↓↓↓

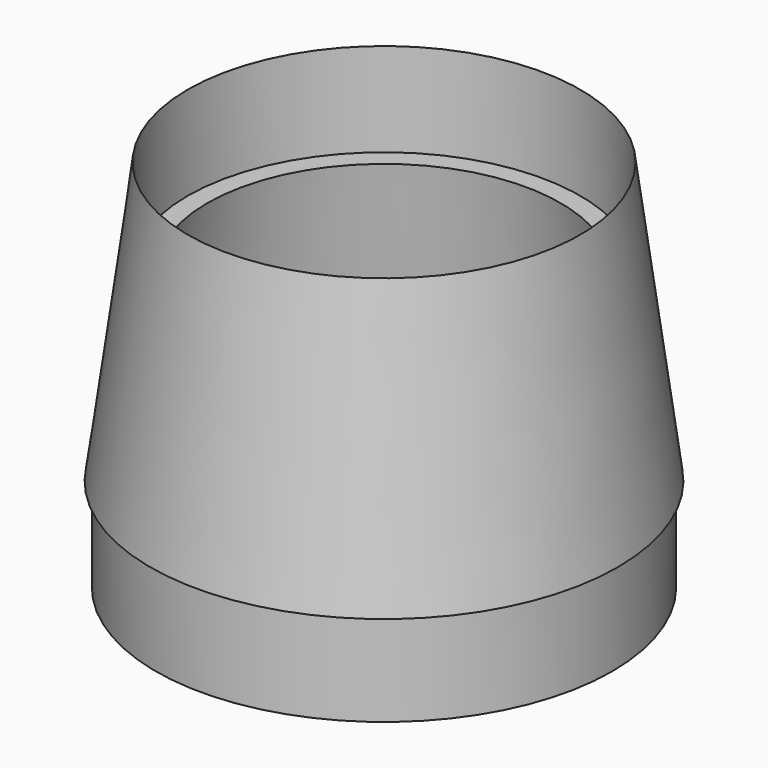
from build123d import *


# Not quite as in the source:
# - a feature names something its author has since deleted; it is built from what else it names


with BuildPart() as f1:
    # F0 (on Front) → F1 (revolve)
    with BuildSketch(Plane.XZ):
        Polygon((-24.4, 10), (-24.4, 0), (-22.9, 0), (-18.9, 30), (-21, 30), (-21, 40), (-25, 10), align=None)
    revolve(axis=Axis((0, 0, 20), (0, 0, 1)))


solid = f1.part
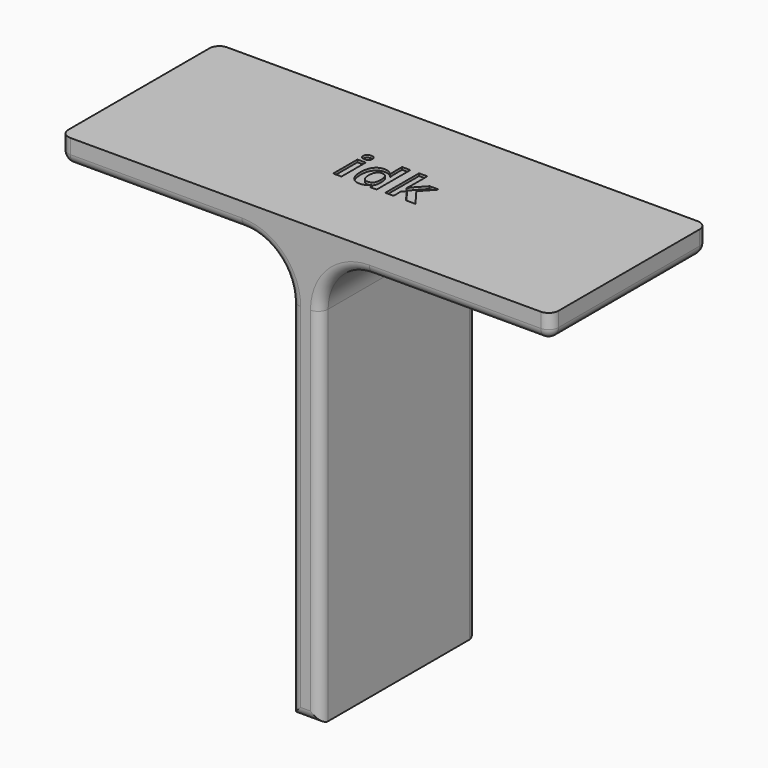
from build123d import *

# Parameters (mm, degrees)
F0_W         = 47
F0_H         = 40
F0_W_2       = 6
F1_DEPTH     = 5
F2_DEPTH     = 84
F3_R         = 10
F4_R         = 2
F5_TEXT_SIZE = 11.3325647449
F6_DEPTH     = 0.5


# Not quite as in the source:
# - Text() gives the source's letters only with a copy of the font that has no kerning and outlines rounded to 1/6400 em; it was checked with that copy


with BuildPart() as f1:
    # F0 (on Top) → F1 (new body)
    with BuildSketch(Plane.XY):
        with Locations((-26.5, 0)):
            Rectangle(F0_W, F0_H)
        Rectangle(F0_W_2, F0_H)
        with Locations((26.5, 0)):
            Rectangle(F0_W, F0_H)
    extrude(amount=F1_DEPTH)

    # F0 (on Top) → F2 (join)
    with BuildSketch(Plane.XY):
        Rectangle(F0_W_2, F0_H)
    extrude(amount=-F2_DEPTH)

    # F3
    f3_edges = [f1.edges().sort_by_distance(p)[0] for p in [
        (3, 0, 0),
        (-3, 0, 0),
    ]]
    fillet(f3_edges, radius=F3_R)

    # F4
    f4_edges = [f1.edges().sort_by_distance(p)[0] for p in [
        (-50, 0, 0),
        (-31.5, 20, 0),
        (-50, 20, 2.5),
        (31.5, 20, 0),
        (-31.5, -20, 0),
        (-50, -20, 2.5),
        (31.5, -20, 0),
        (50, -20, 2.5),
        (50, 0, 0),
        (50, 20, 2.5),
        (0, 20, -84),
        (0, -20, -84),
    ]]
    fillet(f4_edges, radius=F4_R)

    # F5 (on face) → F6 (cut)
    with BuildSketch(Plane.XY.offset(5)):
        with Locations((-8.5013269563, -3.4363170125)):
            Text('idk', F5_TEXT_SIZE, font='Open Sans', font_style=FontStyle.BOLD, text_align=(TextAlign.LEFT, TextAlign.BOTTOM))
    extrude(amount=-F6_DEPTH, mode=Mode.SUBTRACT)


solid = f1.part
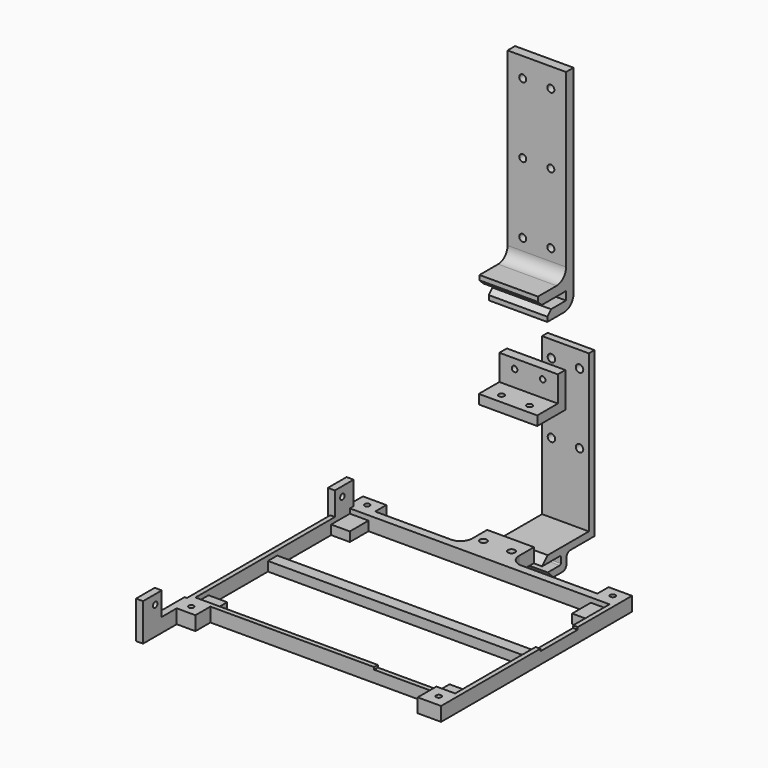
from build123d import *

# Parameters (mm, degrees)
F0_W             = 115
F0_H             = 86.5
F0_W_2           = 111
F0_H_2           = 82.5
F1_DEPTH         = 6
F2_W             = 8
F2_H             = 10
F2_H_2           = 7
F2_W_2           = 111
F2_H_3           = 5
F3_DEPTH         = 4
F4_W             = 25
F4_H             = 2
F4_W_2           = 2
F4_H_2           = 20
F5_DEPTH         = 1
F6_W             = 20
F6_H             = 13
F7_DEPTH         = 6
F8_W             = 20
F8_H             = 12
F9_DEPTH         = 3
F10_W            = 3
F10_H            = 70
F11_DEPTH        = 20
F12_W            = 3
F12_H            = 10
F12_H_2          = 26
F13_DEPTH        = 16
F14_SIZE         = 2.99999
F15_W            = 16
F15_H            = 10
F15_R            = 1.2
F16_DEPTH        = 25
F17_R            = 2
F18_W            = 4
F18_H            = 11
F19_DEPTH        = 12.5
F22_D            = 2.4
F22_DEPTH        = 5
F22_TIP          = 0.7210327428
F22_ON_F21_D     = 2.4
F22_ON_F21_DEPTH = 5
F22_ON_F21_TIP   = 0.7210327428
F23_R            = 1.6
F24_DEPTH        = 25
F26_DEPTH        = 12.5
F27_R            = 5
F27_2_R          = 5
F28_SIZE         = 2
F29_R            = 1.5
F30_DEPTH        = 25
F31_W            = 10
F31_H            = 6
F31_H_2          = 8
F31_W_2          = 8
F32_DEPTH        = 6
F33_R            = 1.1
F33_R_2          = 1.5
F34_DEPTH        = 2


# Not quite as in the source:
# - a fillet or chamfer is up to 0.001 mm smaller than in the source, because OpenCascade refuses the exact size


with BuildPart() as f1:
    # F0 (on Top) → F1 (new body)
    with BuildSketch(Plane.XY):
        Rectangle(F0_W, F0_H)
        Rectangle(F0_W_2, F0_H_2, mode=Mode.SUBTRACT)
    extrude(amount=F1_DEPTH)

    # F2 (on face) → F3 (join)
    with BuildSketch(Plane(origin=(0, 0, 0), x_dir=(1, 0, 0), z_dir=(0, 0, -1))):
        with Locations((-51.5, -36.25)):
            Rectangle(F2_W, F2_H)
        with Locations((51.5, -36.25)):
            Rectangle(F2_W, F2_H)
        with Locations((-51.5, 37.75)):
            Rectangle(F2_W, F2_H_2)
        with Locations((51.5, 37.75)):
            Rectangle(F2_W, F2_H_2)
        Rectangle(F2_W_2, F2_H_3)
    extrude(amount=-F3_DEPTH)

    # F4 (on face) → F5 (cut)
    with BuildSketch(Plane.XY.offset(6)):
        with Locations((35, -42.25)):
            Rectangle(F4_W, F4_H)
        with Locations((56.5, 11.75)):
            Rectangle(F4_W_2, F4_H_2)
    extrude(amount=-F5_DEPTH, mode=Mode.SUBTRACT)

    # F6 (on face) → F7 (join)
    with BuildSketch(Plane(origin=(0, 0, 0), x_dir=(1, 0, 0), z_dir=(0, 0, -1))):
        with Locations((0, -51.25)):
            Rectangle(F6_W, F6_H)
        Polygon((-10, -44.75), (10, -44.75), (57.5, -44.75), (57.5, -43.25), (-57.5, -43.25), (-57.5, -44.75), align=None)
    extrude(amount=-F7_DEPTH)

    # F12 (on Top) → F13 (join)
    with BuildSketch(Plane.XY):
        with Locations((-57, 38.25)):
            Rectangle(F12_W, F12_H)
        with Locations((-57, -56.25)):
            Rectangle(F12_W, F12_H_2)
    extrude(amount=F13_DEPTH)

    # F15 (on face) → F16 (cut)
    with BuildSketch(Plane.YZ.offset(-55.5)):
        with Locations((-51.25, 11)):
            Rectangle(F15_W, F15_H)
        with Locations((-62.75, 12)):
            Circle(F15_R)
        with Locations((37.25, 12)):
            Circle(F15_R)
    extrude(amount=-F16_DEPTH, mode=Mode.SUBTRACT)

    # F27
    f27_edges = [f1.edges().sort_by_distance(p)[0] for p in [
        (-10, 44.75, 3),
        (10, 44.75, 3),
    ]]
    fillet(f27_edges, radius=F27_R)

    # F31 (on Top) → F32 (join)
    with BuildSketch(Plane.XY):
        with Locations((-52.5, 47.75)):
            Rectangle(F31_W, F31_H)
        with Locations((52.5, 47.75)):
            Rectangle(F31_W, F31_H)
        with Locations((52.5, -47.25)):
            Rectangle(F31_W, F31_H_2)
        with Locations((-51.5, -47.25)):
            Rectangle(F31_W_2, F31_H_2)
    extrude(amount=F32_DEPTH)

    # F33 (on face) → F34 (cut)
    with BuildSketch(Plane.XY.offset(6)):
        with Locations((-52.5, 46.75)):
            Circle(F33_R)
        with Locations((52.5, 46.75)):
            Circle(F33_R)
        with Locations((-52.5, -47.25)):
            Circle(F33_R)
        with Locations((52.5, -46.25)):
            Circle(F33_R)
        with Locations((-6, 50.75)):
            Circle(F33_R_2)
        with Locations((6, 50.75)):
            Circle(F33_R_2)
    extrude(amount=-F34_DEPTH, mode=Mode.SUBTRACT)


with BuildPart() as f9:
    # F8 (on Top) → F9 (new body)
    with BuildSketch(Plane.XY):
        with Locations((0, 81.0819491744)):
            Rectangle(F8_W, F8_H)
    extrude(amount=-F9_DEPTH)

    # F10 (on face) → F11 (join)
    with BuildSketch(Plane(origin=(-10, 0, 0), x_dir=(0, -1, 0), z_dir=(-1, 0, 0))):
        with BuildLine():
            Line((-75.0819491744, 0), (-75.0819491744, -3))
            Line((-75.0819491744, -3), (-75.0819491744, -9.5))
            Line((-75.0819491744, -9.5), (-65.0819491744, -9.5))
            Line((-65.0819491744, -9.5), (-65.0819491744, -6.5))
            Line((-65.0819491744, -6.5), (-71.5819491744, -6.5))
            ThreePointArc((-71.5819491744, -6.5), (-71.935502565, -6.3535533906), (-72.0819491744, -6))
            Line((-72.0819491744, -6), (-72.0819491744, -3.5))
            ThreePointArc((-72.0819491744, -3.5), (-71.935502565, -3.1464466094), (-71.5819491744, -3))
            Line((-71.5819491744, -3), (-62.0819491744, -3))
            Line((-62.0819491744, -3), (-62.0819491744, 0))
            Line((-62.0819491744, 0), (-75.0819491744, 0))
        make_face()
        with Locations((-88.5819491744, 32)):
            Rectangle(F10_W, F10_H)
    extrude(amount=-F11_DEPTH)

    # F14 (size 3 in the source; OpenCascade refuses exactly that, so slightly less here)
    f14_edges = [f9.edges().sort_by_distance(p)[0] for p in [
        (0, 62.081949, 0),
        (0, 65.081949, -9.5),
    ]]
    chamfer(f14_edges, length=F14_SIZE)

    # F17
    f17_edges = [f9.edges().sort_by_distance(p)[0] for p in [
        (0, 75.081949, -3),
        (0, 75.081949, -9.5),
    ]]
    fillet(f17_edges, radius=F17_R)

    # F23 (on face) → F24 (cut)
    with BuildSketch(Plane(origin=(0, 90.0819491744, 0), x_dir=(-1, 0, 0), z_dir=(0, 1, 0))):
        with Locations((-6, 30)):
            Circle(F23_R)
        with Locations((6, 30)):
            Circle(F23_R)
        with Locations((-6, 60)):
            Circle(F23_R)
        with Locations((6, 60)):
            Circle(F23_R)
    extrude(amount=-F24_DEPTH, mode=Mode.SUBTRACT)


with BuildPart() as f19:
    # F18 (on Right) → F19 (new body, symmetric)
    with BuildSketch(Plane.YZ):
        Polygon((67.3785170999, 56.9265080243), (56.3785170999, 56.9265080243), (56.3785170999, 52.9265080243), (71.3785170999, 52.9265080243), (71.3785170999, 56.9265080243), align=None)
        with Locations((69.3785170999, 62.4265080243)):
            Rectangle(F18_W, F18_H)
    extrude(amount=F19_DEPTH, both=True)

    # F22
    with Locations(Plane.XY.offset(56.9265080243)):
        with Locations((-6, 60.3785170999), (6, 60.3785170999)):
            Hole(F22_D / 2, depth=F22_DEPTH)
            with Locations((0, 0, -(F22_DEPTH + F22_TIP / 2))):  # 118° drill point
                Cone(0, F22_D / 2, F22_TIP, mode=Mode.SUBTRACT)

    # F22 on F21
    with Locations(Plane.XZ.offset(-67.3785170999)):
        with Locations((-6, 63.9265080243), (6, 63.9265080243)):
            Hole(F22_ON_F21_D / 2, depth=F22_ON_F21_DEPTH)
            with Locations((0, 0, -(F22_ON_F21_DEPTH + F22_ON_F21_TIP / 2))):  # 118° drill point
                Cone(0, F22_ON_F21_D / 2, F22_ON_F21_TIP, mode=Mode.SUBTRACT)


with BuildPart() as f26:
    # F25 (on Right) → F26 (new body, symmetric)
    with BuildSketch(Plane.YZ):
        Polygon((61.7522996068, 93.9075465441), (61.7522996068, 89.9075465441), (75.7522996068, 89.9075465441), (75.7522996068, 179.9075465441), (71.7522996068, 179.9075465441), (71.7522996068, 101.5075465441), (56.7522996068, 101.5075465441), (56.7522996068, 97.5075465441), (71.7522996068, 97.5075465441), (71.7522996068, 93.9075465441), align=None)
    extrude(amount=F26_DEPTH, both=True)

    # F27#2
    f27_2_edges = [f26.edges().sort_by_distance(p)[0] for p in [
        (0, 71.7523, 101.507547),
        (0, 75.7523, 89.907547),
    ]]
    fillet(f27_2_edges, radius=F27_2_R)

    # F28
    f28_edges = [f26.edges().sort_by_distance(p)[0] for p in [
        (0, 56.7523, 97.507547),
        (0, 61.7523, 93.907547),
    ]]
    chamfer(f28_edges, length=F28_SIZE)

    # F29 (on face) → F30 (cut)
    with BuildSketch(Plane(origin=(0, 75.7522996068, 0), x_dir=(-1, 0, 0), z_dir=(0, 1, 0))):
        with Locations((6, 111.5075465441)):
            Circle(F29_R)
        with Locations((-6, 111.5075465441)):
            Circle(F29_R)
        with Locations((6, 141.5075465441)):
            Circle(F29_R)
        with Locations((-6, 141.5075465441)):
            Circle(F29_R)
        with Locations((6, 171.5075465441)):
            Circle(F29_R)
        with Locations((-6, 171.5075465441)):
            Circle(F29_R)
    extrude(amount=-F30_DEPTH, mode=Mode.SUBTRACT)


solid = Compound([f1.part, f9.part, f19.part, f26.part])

↑↑↑

What to produce → Extract each line from the listing that holds the word "drill".

Answer →
            with Locations((0, 0, -(F22_DEPTH + F22_TIP / 2))):  # 118° drill point
            with Locations((0, 0, -(F22_ON_F21_DEPTH + F22_ON_F21_TIP / 2))):  # 118° drill point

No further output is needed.